Aim of the exercise:
When you come to the line with "surfaceBlockParameters.Breakpoints(2).DataType = 'auto'", begin repeating; continue exactly through the final line of the records and include nothing from before.

*** Opening Records shown ***

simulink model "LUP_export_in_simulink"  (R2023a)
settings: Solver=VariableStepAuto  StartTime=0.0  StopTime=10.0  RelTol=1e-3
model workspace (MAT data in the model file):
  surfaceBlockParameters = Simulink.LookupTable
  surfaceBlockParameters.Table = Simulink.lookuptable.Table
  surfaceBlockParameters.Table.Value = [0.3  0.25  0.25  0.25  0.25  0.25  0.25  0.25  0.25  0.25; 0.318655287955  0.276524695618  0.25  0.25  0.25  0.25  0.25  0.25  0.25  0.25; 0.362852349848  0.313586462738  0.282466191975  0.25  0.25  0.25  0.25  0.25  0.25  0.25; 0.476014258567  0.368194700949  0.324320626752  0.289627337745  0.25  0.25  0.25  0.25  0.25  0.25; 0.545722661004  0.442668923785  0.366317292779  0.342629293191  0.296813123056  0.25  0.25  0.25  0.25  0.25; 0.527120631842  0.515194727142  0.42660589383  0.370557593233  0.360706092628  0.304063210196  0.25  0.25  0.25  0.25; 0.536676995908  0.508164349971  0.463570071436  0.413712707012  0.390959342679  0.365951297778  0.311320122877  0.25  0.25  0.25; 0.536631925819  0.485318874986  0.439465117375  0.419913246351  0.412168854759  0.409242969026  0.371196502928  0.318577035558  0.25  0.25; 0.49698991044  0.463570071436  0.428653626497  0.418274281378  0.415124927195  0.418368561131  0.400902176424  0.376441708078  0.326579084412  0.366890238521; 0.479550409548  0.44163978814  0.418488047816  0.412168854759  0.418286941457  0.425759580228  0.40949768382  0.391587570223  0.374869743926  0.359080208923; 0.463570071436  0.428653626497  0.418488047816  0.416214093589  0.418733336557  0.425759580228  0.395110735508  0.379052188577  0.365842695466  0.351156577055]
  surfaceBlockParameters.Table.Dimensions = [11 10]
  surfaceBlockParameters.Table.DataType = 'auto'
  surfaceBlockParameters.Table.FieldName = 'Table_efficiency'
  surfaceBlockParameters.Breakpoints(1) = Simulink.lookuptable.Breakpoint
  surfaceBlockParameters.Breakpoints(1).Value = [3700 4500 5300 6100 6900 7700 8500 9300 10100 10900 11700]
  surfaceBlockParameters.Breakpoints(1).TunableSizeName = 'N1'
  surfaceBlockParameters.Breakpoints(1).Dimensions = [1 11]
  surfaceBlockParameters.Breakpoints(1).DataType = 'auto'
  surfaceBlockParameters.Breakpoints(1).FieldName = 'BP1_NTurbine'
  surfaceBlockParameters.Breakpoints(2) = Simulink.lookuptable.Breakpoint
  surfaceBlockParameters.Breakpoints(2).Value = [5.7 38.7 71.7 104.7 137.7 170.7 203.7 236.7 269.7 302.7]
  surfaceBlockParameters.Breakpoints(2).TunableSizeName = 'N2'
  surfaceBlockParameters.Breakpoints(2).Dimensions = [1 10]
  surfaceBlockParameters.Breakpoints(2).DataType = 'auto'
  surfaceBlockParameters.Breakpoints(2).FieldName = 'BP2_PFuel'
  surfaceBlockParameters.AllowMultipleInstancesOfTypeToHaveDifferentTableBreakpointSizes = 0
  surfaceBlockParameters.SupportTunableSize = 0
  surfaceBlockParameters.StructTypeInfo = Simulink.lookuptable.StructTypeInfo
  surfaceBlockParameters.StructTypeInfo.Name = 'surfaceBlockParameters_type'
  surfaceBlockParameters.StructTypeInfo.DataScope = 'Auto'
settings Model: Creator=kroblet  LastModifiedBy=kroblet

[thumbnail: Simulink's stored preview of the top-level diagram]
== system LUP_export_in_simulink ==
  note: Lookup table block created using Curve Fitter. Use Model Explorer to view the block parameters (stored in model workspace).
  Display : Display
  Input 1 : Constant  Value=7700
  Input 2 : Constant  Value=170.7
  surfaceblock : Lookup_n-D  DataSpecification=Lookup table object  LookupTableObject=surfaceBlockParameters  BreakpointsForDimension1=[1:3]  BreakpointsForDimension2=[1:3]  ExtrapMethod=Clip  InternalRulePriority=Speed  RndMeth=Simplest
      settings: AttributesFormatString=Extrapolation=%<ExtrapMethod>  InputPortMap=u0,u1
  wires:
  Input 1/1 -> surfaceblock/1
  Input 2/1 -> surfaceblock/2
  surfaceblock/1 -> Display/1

*** Closing Records shown ***

Your response:
  surfaceBlockParameters.Breakpoints(2).DataType = 'auto'
  surfaceBlockParameters.Breakpoints(2).FieldName = 'BP2_PFuel'
  surfaceBlockParameters.AllowMultipleInstancesOfTypeToHaveDifferentTableBreakpointSizes = 0
  surfaceBlockParameters.SupportTunableSize = 0
  surfaceBlockParameters.StructTypeInfo = Simulink.lookuptable.StructTypeInfo
  surfaceBlockParameters.StructTypeInfo.Name = 'surfaceBlockParameters_type'
  surfaceBlockParameters.StructTypeInfo.DataScope = 'Auto'
settings Model: Creator=kroblet  LastModifiedBy=kroblet

[thumbnail: Simulink's stored preview of the top-level diagram]
== system LUP_export_in_simulink ==
  note: Lookup table block created using Curve Fitter. Use Model Explorer to view the block parameters (stored in model workspace).
  Display : Display
  Input 1 : Constant  Value=7700
  Input 2 : Constant  Value=170.7
  surfaceblock : Lookup_n-D  DataSpecification=Lookup table object  LookupTableObject=surfaceBlockParameters  BreakpointsForDimension1=[1:3]  BreakpointsForDimension2=[1:3]  ExtrapMethod=Clip  InternalRulePriority=Speed  RndMeth=Simplest
      settings: AttributesFormatString=Extrapolation=%<ExtrapMethod>  InputPortMap=u0,u1
  wires:
  Input 1/1 -> surfaceblock/1
  Input 2/1 -> surfaceblock/2
  surfaceblock/1 -> Display/1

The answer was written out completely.